According to Circular No. 14/2025/TT-NHNN of the State Bank of Vietnam regulating capital adequacy ratios for commercial banks and branches of foreign banks, by 2033, the minimum capital adequacy ratio of commercial banks will increase from the current 8% to 10.5%. Increasing capital is a decisive factor in affirming the position and competitiveness of banks in the coming period, not only to ensure compliance with the capital adequacy ratio regulations, but also as a prerequisite for sustainable credit growth.
For state-owned commercial banks, increasing capital is an even more pressing requirement. According to Mr. Le Ngoc Lam, General Director of BIDV, in 2025, the Big 4 banks (Agribank, BIDV, VietinBank, Vietcombank) will have a total outstanding loan balance of approximately 8 trillion VND. In 2026, this group of banks is expected to increase disbursements by about 1 trillion VND to meet the capital needs of the economy (i.e., a total outstanding loan balance of approximately 9 trillion VND).

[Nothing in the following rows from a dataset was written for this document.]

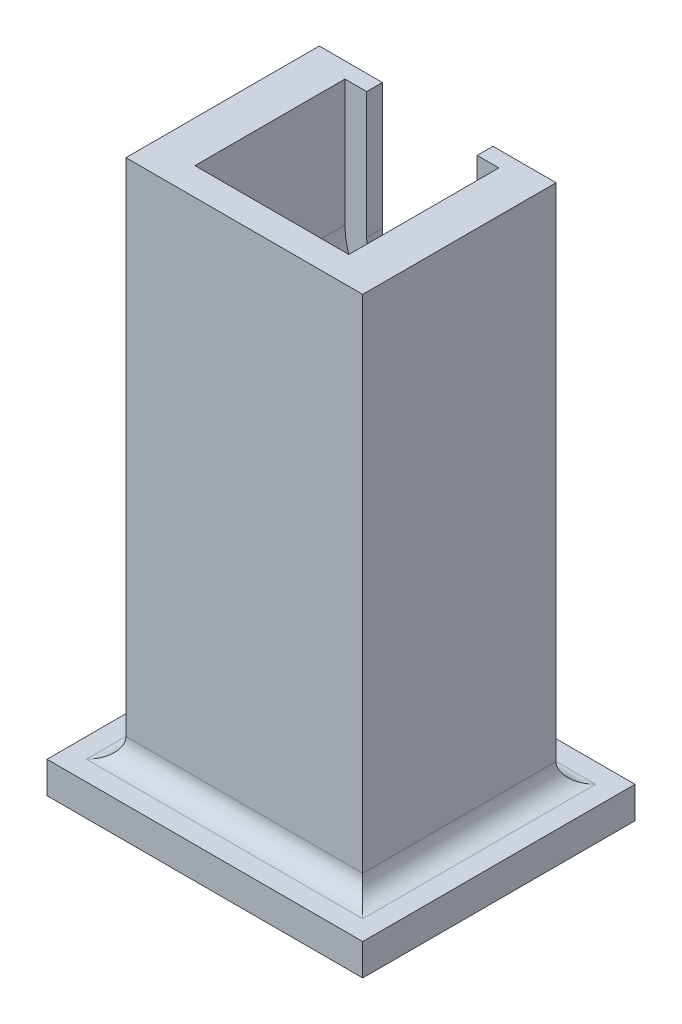
ISO-10303-21;
HEADER;
FILE_DESCRIPTION(('STEP AP214'),'2;1');
FILE_NAME('part.step','',(''),(''),'','','');
FILE_SCHEMA(('AUTOMOTIVE_DESIGN { 1 0 10303 214 1 1 1 1 }'));
ENDSEC;
DATA;
#1=APPLICATION_CONTEXT('core data for automotive mechanical design processes');
#2=APPLICATION_PROTOCOL_DEFINITION('international standard','automotive_design',2000,#1);
#3=PRODUCT_CONTEXT('',#1,'mechanical');
#4=PRODUCT('Part','Part','',(#3));
#5=PRODUCT_RELATED_PRODUCT_CATEGORY('part','',(#4));
#6=PRODUCT_DEFINITION_FORMATION('','',#4);
#7=PRODUCT_DEFINITION_CONTEXT('part definition',#1,'design');
#8=PRODUCT_DEFINITION('design','',#6,#7);
#9=PRODUCT_DEFINITION_SHAPE('','',#8);
#10=(LENGTH_UNIT() NAMED_UNIT(*) SI_UNIT(.MILLI.,.METRE.));
#11=(NAMED_UNIT(*) PLANE_ANGLE_UNIT() SI_UNIT($,.RADIAN.));
#12=(NAMED_UNIT(*) SI_UNIT($,.STERADIAN.) SOLID_ANGLE_UNIT());
#13=UNCERTAINTY_MEASURE_WITH_UNIT(LENGTH_MEASURE(1.E-05),#10,'distance_accuracy_value','');
#14=(GEOMETRIC_REPRESENTATION_CONTEXT(3) GLOBAL_UNCERTAINTY_ASSIGNED_CONTEXT((#13)) GLOBAL_UNIT_ASSIGNED_CONTEXT((#10,
#11,#12)) REPRESENTATION_CONTEXT('',''));
#15=CARTESIAN_POINT('',(0.,0.,0.));
#16=DIRECTION('',(0.,0.,1.));
#17=DIRECTION('',(1.,0.,0.));
#18=AXIS2_PLACEMENT_3D('',#15,#16,#17);
#19=CARTESIAN_POINT('',(0.,0.,38.));
#20=DIRECTION('',(1.,0.,0.));
#21=DIRECTION('',(0.,0.,-1.));
#22=AXIS2_PLACEMENT_3D('',#19,#20,#21);
#23=PLANE('',#22);
#24=DIRECTION('',(0.,1.,0.));
#25=VECTOR('',#24,1.);
#26=CARTESIAN_POINT('',(0.,140.,-4.));
#27=LINE('',#26,#25);
#28=CARTESIAN_POINT('',(0.,13.,-4.));
#29=VERTEX_POINT('',#28);
#30=CARTESIAN_POINT('',(0.,140.,-4.));
#31=VERTEX_POINT('',#30);
#32=EDGE_CURVE('E231',#29,#31,#27,.T.);
#33=ORIENTED_EDGE('',*,*,#32,.F.);
#34=DIRECTION('',(0.,0.,-1.));
#35=VECTOR('',#34,1.);
#36=CARTESIAN_POINT('',(0.,13.,45.));
#37=LINE('',#36,#35);
#38=CARTESIAN_POINT('',(0.,13.,45.));
#39=VERTEX_POINT('',#38);
#40=EDGE_CURVE('E55',#29,#39,#37,.F.);
#41=ORIENTED_EDGE('',*,*,#40,.T.);
#42=DIRECTION('',(0.,-1.,0.));
#43=VECTOR('',#42,1.);
#44=CARTESIAN_POINT('',(0.,140.,45.));
#45=LINE('',#44,#43);
#46=CARTESIAN_POINT('',(0.,140.,45.));
#47=VERTEX_POINT('',#46);
#48=EDGE_CURVE('E282',#47,#39,#45,.T.);
#49=ORIENTED_EDGE('',*,*,#48,.F.);
#50=DIRECTION('',(0.,0.,-1.));
#51=VECTOR('',#50,1.);
#52=CARTESIAN_POINT('',(0.,140.,38.));
#53=LINE('',#52,#51);
#54=EDGE_CURVE('E309',#47,#31,#53,.T.);
#55=ORIENTED_EDGE('',*,*,#54,.T.);
#56=EDGE_LOOP('',(#33,#41,#49,#55));
#57=FACE_BOUND('',#56,.T.);
#58=ADVANCED_FACE('F45',(#57),#23,.F.);
#59=CARTESIAN_POINT('',(60.,0.,38.));
#60=DIRECTION('',(-1.,0.,0.));
#61=DIRECTION('',(0.,0.,1.));
#62=AXIS2_PLACEMENT_3D('',#59,#60,#61);
#63=PLANE('',#62);
#64=DIRECTION('',(0.,1.,0.));
#65=VECTOR('',#64,1.);
#66=CARTESIAN_POINT('',(60.,140.,45.));
#67=LINE('',#66,#65);
#68=CARTESIAN_POINT('',(60.,13.,45.));
#69=VERTEX_POINT('',#68);
#70=CARTESIAN_POINT('',(60.,140.,45.));
#71=VERTEX_POINT('',#70);
#72=EDGE_CURVE('E285',#69,#71,#67,.T.);
#73=ORIENTED_EDGE('',*,*,#72,.F.);
#74=DIRECTION('',(0.,0.,1.));
#75=VECTOR('',#74,1.);
#76=CARTESIAN_POINT('',(60.,13.,-4.));
#77=LINE('',#76,#75);
#78=CARTESIAN_POINT('',(60.,13.,-4.));
#79=VERTEX_POINT('',#78);
#80=EDGE_CURVE('E355',#69,#79,#77,.F.);
#81=ORIENTED_EDGE('',*,*,#80,.T.);
#82=DIRECTION('',(0.,-1.,0.));
#83=VECTOR('',#82,1.);
#84=CARTESIAN_POINT('',(60.,140.,-4.));
#85=LINE('',#84,#83);
#86=CARTESIAN_POINT('',(60.,140.,-4.));
#87=VERTEX_POINT('',#86);
#88=EDGE_CURVE('E228',#87,#79,#85,.T.);
#89=ORIENTED_EDGE('',*,*,#88,.F.);
#90=DIRECTION('',(0.,0.,-1.));
#91=VECTOR('',#90,1.);
#92=CARTESIAN_POINT('',(60.,140.,38.));
#93=LINE('',#92,#91);
#94=EDGE_CURVE('E339',#71,#87,#93,.T.);
#95=ORIENTED_EDGE('',*,*,#94,.F.);
#96=EDGE_LOOP('',(#73,#81,#89,#95));
#97=FACE_BOUND('',#96,.T.);
#98=ADVANCED_FACE('F392',(#97),#63,.F.);
#99=CARTESIAN_POINT('',(0.,0.,45.));
#100=DIRECTION('',(0.,0.,1.));
#101=DIRECTION('',(1.,0.,0.));
#102=AXIS2_PLACEMENT_3D('',#99,#100,#101);
#103=PLANE('',#102);
#104=ORIENTED_EDGE('',*,*,#48,.T.);
#105=DIRECTION('',(1.,0.,0.));
#106=VECTOR('',#105,1.);
#107=CARTESIAN_POINT('',(0.,13.,45.));
#108=LINE('',#107,#106);
#109=EDGE_CURVE('E11',#39,#69,#108,.T.);
#110=ORIENTED_EDGE('',*,*,#109,.T.);
#111=ORIENTED_EDGE('',*,*,#72,.T.);
#112=DIRECTION('',(-1.,0.,0.));
#113=VECTOR('',#112,1.);
#114=CARTESIAN_POINT('',(0.,140.,45.));
#115=LINE('',#114,#113);
#116=EDGE_CURVE('E288',#71,#47,#115,.T.);
#117=ORIENTED_EDGE('',*,*,#116,.T.);
#118=EDGE_LOOP('',(#104,#110,#111,#117));
#119=FACE_BOUND('',#118,.T.);
#120=ADVANCED_FACE('F388',(#119),#103,.T.);
#121=CARTESIAN_POINT('',(30.,108.,-4.));
#122=DIRECTION('',(0.,0.,-1.));
#123=DIRECTION('',(-1.,0.,0.));
#124=AXIS2_PLACEMENT_3D('',#121,#122,#123);
#125=PLANE('',#124);
#126=ORIENTED_EDGE('',*,*,#88,.T.);
#127=DIRECTION('',(-1.,0.,0.));
#128=VECTOR('',#127,1.);
#129=CARTESIAN_POINT('',(30.,13.,-4.));
#130=LINE('',#129,#128);
#131=EDGE_CURVE('E70',#79,#29,#130,.T.);
#132=ORIENTED_EDGE('',*,*,#131,.T.);
#133=ORIENTED_EDGE('',*,*,#32,.T.);
#134=DIRECTION('',(1.,0.,0.));
#135=VECTOR('',#134,1.);
#136=CARTESIAN_POINT('',(16.,140.,-4.));
#137=LINE('',#136,#135);
#138=CARTESIAN_POINT('',(16.,140.,-4.));
#139=VERTEX_POINT('',#138);
#140=EDGE_CURVE('E235',#31,#139,#137,.T.);
#141=ORIENTED_EDGE('',*,*,#140,.T.);
#142=DIRECTION('',(0.,-1.,0.));
#143=VECTOR('',#142,1.);
#144=CARTESIAN_POINT('',(16.,108.,-4.));
#145=LINE('',#144,#143);
#146=CARTESIAN_POINT('',(16.,108.,-4.));
#147=VERTEX_POINT('',#146);
#148=EDGE_CURVE('E238',#139,#147,#145,.T.);
#149=ORIENTED_EDGE('',*,*,#148,.T.);
#150=CARTESIAN_POINT('',(30.,108.,-4.));
#151=DIRECTION('',(0.,0.,1.));
#152=DIRECTION('',(-1.,0.,0.));
#153=AXIS2_PLACEMENT_3D('',#150,#151,#152);
#154=CIRCLE('',#153,14.);
#155=CARTESIAN_POINT('',(44.,108.,-4.));
#156=VERTEX_POINT('',#155);
#157=EDGE_CURVE('E241',#147,#156,#154,.T.);
#158=ORIENTED_EDGE('',*,*,#157,.T.);
#159=DIRECTION('',(0.,1.,0.));
#160=VECTOR('',#159,1.);
#161=CARTESIAN_POINT('',(44.,108.,-4.));
#162=LINE('',#161,#160);
#163=CARTESIAN_POINT('',(44.,140.,-4.));
#164=VERTEX_POINT('',#163);
#165=EDGE_CURVE('E244',#156,#164,#162,.T.);
#166=ORIENTED_EDGE('',*,*,#165,.T.);
#167=DIRECTION('',(1.,0.,0.));
#168=VECTOR('',#167,1.);
#169=CARTESIAN_POINT('',(60.,140.,-4.));
#170=LINE('',#169,#168);
#171=EDGE_CURVE('E247',#164,#87,#170,.T.);
#172=ORIENTED_EDGE('',*,*,#171,.T.);
#173=EDGE_LOOP('',(#126,#132,#133,#141,#149,#158,#166,#172));
#174=FACE_BOUND('',#173,.T.);
#175=ADVANCED_FACE('F516',(#174),#125,.T.);
#176=CARTESIAN_POINT('',(49.5,108.,38.));
#177=DIRECTION('',(1.,0.,0.));
#178=DIRECTION('',(0.,0.,-1.));
#179=AXIS2_PLACEMENT_3D('',#176,#177,#178);
#180=PLANE('',#179);
#181=DIRECTION('',(0.,-1.,0.));
#182=VECTOR('',#181,1.);
#183=CARTESIAN_POINT('',(49.5,108.,0.));
#184=LINE('',#183,#182);
#185=CARTESIAN_POINT('',(49.5,140.,0.));
#186=VERTEX_POINT('',#185);
#187=CARTESIAN_POINT('',(49.5,108.,0.));
#188=VERTEX_POINT('',#187);
#189=EDGE_CURVE('E292',#186,#188,#184,.T.);
#190=ORIENTED_EDGE('',*,*,#189,.T.);
#191=DIRECTION('',(0.,0.,-1.));
#192=VECTOR('',#191,1.);
#193=CARTESIAN_POINT('',(49.5,108.,38.));
#194=LINE('',#193,#192);
#195=CARTESIAN_POINT('',(49.5,108.,38.));
#196=VERTEX_POINT('',#195);
#197=EDGE_CURVE('E331',#196,#188,#194,.T.);
#198=ORIENTED_EDGE('',*,*,#197,.F.);
#199=DIRECTION('',(0.,-1.,0.));
#200=VECTOR('',#199,1.);
#201=CARTESIAN_POINT('',(49.5,108.,38.));
#202=LINE('',#201,#200);
#203=CARTESIAN_POINT('',(49.5,140.,38.));
#204=VERTEX_POINT('',#203);
#205=EDGE_CURVE('E296',#204,#196,#202,.T.);
#206=ORIENTED_EDGE('',*,*,#205,.F.);
#207=DIRECTION('',(0.,0.,-1.));
#208=VECTOR('',#207,1.);
#209=CARTESIAN_POINT('',(49.5,140.,38.));
#210=LINE('',#209,#208);
#211=EDGE_CURVE('E335',#204,#186,#210,.T.);
#212=ORIENTED_EDGE('',*,*,#211,.T.);
#213=EDGE_LOOP('',(#190,#198,#206,#212));
#214=FACE_BOUND('',#213,.T.);
#215=ADVANCED_FACE('F525',(#214),#180,.F.);
#216=CARTESIAN_POINT('',(30.,108.,38.));
#217=DIRECTION('',(0.,0.,-1.));
#218=DIRECTION('',(-1.,0.,0.));
#219=AXIS2_PLACEMENT_3D('',#216,#217,#218);
#220=CYLINDRICAL_SURFACE('',#219,19.5);
#221=CARTESIAN_POINT('',(30.,108.,0.));
#222=DIRECTION('',(0.,0.,-1.));
#223=DIRECTION('',(1.,0.,0.));
#224=AXIS2_PLACEMENT_3D('',#221,#222,#223);
#225=CIRCLE('',#224,19.5);
#226=CARTESIAN_POINT('',(10.5,108.,0.));
#227=VERTEX_POINT('',#226);
#228=EDGE_CURVE('E313',#188,#227,#225,.T.);
#229=ORIENTED_EDGE('',*,*,#228,.T.);
#230=DIRECTION('',(0.,0.,-1.));
#231=VECTOR('',#230,1.);
#232=CARTESIAN_POINT('',(10.5,108.,38.));
#233=LINE('',#232,#231);
#234=CARTESIAN_POINT('',(10.5,108.,38.));
#235=VERTEX_POINT('',#234);
#236=EDGE_CURVE('E327',#235,#227,#233,.T.);
#237=ORIENTED_EDGE('',*,*,#236,.F.);
#238=CARTESIAN_POINT('',(30.,108.,38.));
#239=DIRECTION('',(0.,0.,-1.));
#240=DIRECTION('',(1.,0.,0.));
#241=AXIS2_PLACEMENT_3D('',#238,#239,#240);
#242=CIRCLE('',#241,19.5);
#243=EDGE_CURVE('E300',#196,#235,#242,.T.);
#244=ORIENTED_EDGE('',*,*,#243,.F.);
#245=ORIENTED_EDGE('',*,*,#197,.T.);
#246=EDGE_LOOP('',(#229,#237,#244,#245));
#247=FACE_BOUND('',#246,.T.);
#248=ADVANCED_FACE('F589',(#247),#220,.F.);
#249=CARTESIAN_POINT('',(10.5,108.,38.));
#250=DIRECTION('',(-1.,0.,0.));
#251=DIRECTION('',(0.,0.,1.));
#252=AXIS2_PLACEMENT_3D('',#249,#250,#251);
#253=PLANE('',#252);
#254=DIRECTION('',(0.,1.,0.));
#255=VECTOR('',#254,1.);
#256=CARTESIAN_POINT('',(10.5,108.,0.));
#257=LINE('',#256,#255);
#258=CARTESIAN_POINT('',(10.5,140.,0.));
#259=VERTEX_POINT('',#258);
#260=EDGE_CURVE('E301',#227,#259,#257,.T.);
#261=ORIENTED_EDGE('',*,*,#260,.T.);
#262=DIRECTION('',(0.,0.,-1.));
#263=VECTOR('',#262,1.);
#264=CARTESIAN_POINT('',(10.5,140.,38.));
#265=LINE('',#264,#263);
#266=CARTESIAN_POINT('',(10.5,140.,38.));
#267=VERTEX_POINT('',#266);
#268=EDGE_CURVE('E323',#267,#259,#265,.T.);
#269=ORIENTED_EDGE('',*,*,#268,.F.);
#270=DIRECTION('',(0.,1.,0.));
#271=VECTOR('',#270,1.);
#272=CARTESIAN_POINT('',(10.5,108.,38.));
#273=LINE('',#272,#271);
#274=EDGE_CURVE('E305',#235,#267,#273,.T.);
#275=ORIENTED_EDGE('',*,*,#274,.F.);
#276=ORIENTED_EDGE('',*,*,#236,.T.);
#277=EDGE_LOOP('',(#261,#269,#275,#276));
#278=FACE_BOUND('',#277,.T.);
#279=ADVANCED_FACE('F579',(#278),#253,.F.);
#280=CARTESIAN_POINT('',(0.,140.,38.));
#281=DIRECTION('',(0.,-1.,0.));
#282=DIRECTION('',(1.,0.,0.));
#283=AXIS2_PLACEMENT_3D('',#280,#281,#282);
#284=PLANE('',#283);
#285=ORIENTED_EDGE('',*,*,#268,.T.);
#286=DIRECTION('',(1.,0.,0.));
#287=VECTOR('',#286,1.);
#288=CARTESIAN_POINT('',(16.,140.,0.));
#289=LINE('',#288,#287);
#290=CARTESIAN_POINT('',(16.,140.,0.));
#291=VERTEX_POINT('',#290);
#292=EDGE_CURVE('E222',#259,#291,#289,.T.);
#293=ORIENTED_EDGE('',*,*,#292,.T.);
#294=DIRECTION('',(0.,0.,1.));
#295=VECTOR('',#294,1.);
#296=CARTESIAN_POINT('',(16.,140.,-4.));
#297=LINE('',#296,#295);
#298=EDGE_CURVE('E277',#139,#291,#297,.T.);
#299=ORIENTED_EDGE('',*,*,#298,.F.);
#300=ORIENTED_EDGE('',*,*,#140,.F.);
#301=ORIENTED_EDGE('',*,*,#54,.F.);
#302=ORIENTED_EDGE('',*,*,#116,.F.);
#303=ORIENTED_EDGE('',*,*,#94,.T.);
#304=ORIENTED_EDGE('',*,*,#171,.F.);
#305=DIRECTION('',(0.,0.,1.));
#306=VECTOR('',#305,1.);
#307=CARTESIAN_POINT('',(44.,140.,-4.));
#308=LINE('',#307,#306);
#309=CARTESIAN_POINT('',(44.,140.,0.));
#310=VERTEX_POINT('',#309);
#311=EDGE_CURVE('E251',#164,#310,#308,.T.);
#312=ORIENTED_EDGE('',*,*,#311,.T.);
#313=DIRECTION('',(1.,0.,0.));
#314=VECTOR('',#313,1.);
#315=CARTESIAN_POINT('',(60.,140.,0.));
#316=LINE('',#315,#314);
#317=EDGE_CURVE('E232',#310,#186,#316,.T.);
#318=ORIENTED_EDGE('',*,*,#317,.T.);
#319=ORIENTED_EDGE('',*,*,#211,.F.);
#320=DIRECTION('',(-1.,0.,0.));
#321=VECTOR('',#320,1.);
#322=CARTESIAN_POINT('',(0.,140.,38.));
#323=LINE('',#322,#321);
#324=EDGE_CURVE('E281',#204,#267,#323,.T.);
#325=ORIENTED_EDGE('',*,*,#324,.T.);
#326=EDGE_LOOP('',(#285,#293,#299,#300,#301,#302,#303,#304,#312,#318,#319,#325));
#327=FACE_BOUND('',#326,.T.);
#328=ADVANCED_FACE('F569',(#327),#284,.F.);
#329=CARTESIAN_POINT('',(0.,0.,38.));
#330=DIRECTION('',(0.,0.,1.));
#331=DIRECTION('',(1.,0.,0.));
#332=AXIS2_PLACEMENT_3D('',#329,#330,#331);
#333=PLANE('',#332);
#334=ORIENTED_EDGE('',*,*,#324,.F.);
#335=ORIENTED_EDGE('',*,*,#205,.T.);
#336=ORIENTED_EDGE('',*,*,#243,.T.);
#337=ORIENTED_EDGE('',*,*,#274,.T.);
#338=EDGE_LOOP('',(#334,#335,#336,#337));
#339=FACE_BOUND('',#338,.T.);
#340=ADVANCED_FACE('F560',(#339),#333,.F.);
#341=CARTESIAN_POINT('',(16.,108.,-4.));
#342=DIRECTION('',(-1.,0.,0.));
#343=DIRECTION('',(0.,0.,1.));
#344=AXIS2_PLACEMENT_3D('',#341,#342,#343);
#345=PLANE('',#344);
#346=DIRECTION('',(0.,-1.,0.));
#347=VECTOR('',#346,1.);
#348=CARTESIAN_POINT('',(16.,108.,0.));
#349=LINE('',#348,#347);
#350=CARTESIAN_POINT('',(16.,108.,0.));
#351=VERTEX_POINT('',#350);
#352=EDGE_CURVE('E254',#291,#351,#349,.T.);
#353=ORIENTED_EDGE('',*,*,#352,.T.);
#354=DIRECTION('',(0.,0.,1.));
#355=VECTOR('',#354,1.);
#356=CARTESIAN_POINT('',(16.,108.,-4.));
#357=LINE('',#356,#355);
#358=EDGE_CURVE('E273',#147,#351,#357,.T.);
#359=ORIENTED_EDGE('',*,*,#358,.F.);
#360=ORIENTED_EDGE('',*,*,#148,.F.);
#361=ORIENTED_EDGE('',*,*,#298,.T.);
#362=EDGE_LOOP('',(#353,#359,#360,#361));
#363=FACE_BOUND('',#362,.T.);
#364=ADVANCED_FACE('F551',(#363),#345,.F.);
#365=CARTESIAN_POINT('',(30.,108.,-4.));
#366=DIRECTION('',(0.,0.,1.));
#367=DIRECTION('',(1.,0.,0.));
#368=AXIS2_PLACEMENT_3D('',#365,#366,#367);
#369=CYLINDRICAL_SURFACE('',#368,14.);
#370=CARTESIAN_POINT('',(30.,108.,0.));
#371=DIRECTION('',(0.,0.,1.));
#372=DIRECTION('',(-1.,0.,0.));
#373=AXIS2_PLACEMENT_3D('',#370,#371,#372);
#374=CIRCLE('',#373,14.);
#375=CARTESIAN_POINT('',(44.,108.,0.));
#376=VERTEX_POINT('',#375);
#377=EDGE_CURVE('E257',#351,#376,#374,.T.);
#378=ORIENTED_EDGE('',*,*,#377,.T.);
#379=DIRECTION('',(0.,0.,1.));
#380=VECTOR('',#379,1.);
#381=CARTESIAN_POINT('',(44.,108.,-4.));
#382=LINE('',#381,#380);
#383=EDGE_CURVE('E269',#156,#376,#382,.T.);
#384=ORIENTED_EDGE('',*,*,#383,.F.);
#385=ORIENTED_EDGE('',*,*,#157,.F.);
#386=ORIENTED_EDGE('',*,*,#358,.T.);
#387=EDGE_LOOP('',(#378,#384,#385,#386));
#388=FACE_BOUND('',#387,.T.);
#389=ADVANCED_FACE('F542',(#388),#369,.F.);
#390=CARTESIAN_POINT('',(44.,108.,-4.));
#391=DIRECTION('',(1.,0.,0.));
#392=DIRECTION('',(0.,0.,-1.));
#393=AXIS2_PLACEMENT_3D('',#390,#391,#392);
#394=PLANE('',#393);
#395=DIRECTION('',(0.,1.,0.));
#396=VECTOR('',#395,1.);
#397=CARTESIAN_POINT('',(44.,108.,0.));
#398=LINE('',#397,#396);
#399=EDGE_CURVE('E260',#376,#310,#398,.T.);
#400=ORIENTED_EDGE('',*,*,#399,.T.);
#401=ORIENTED_EDGE('',*,*,#311,.F.);
#402=ORIENTED_EDGE('',*,*,#165,.F.);
#403=ORIENTED_EDGE('',*,*,#383,.T.);
#404=EDGE_LOOP('',(#400,#401,#402,#403));
#405=FACE_BOUND('',#404,.T.);
#406=ADVANCED_FACE('F533',(#405),#394,.F.);
#407=CARTESIAN_POINT('',(30.,108.,0.));
#408=DIRECTION('',(0.,0.,-1.));
#409=DIRECTION('',(-1.,0.,0.));
#410=AXIS2_PLACEMENT_3D('',#407,#408,#409);
#411=PLANE('',#410);
#412=ORIENTED_EDGE('',*,*,#260,.F.);
#413=ORIENTED_EDGE('',*,*,#228,.F.);
#414=ORIENTED_EDGE('',*,*,#189,.F.);
#415=ORIENTED_EDGE('',*,*,#317,.F.);
#416=ORIENTED_EDGE('',*,*,#399,.F.);
#417=ORIENTED_EDGE('',*,*,#377,.F.);
#418=ORIENTED_EDGE('',*,*,#352,.F.);
#419=ORIENTED_EDGE('',*,*,#292,.F.);
#420=EDGE_LOOP('',(#412,#413,#414,#415,#416,#417,#418,#419));
#421=FACE_BOUND('',#420,.T.);
#422=ADVANCED_FACE('F492',(#421),#411,.F.);
#423=CARTESIAN_POINT('',(-10.,8.,55.));
#424=DIRECTION('',(-1.,0.,0.));
#425=DIRECTION('',(0.,0.,1.));
#426=AXIS2_PLACEMENT_3D('',#423,#424,#425);
#427=PLANE('',#426);
#428=DIRECTION('',(0.,0.,-1.));
#429=VECTOR('',#428,1.);
#430=CARTESIAN_POINT('',(-10.,0.,55.));
#431=LINE('',#430,#429);
#432=CARTESIAN_POINT('',(-10.,0.,55.));
#433=VERTEX_POINT('',#432);
#434=CARTESIAN_POINT('',(-9.99999999999999,0.,-14.));
#435=VERTEX_POINT('',#434);
#436=EDGE_CURVE('E212',#433,#435,#431,.T.);
#437=ORIENTED_EDGE('',*,*,#436,.F.);
#438=DIRECTION('',(0.,-1.,0.));
#439=VECTOR('',#438,1.);
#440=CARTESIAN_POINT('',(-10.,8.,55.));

However, according to Mr. Lam, in order to continue maintaining their role as the core capital provider for the market, leading and supporting growth drivers, the prerequisite is to continue improving the financial capacity of this group of banks. The General Director of BIDV proposed a flexible and proactive capital increase mechanism, which would allow the Big 4 to retain all profits to pay dividends in shares in order to enhance their capital capacity.
In the context of a banking system facing a capital shortage for growth, a race among banks to increase capital is inevitable. However, experts warn that when credit increases rapidly while deposit mobilization slows, the efficiency of capital utilization will be the decisive factor in determining the position of each bank.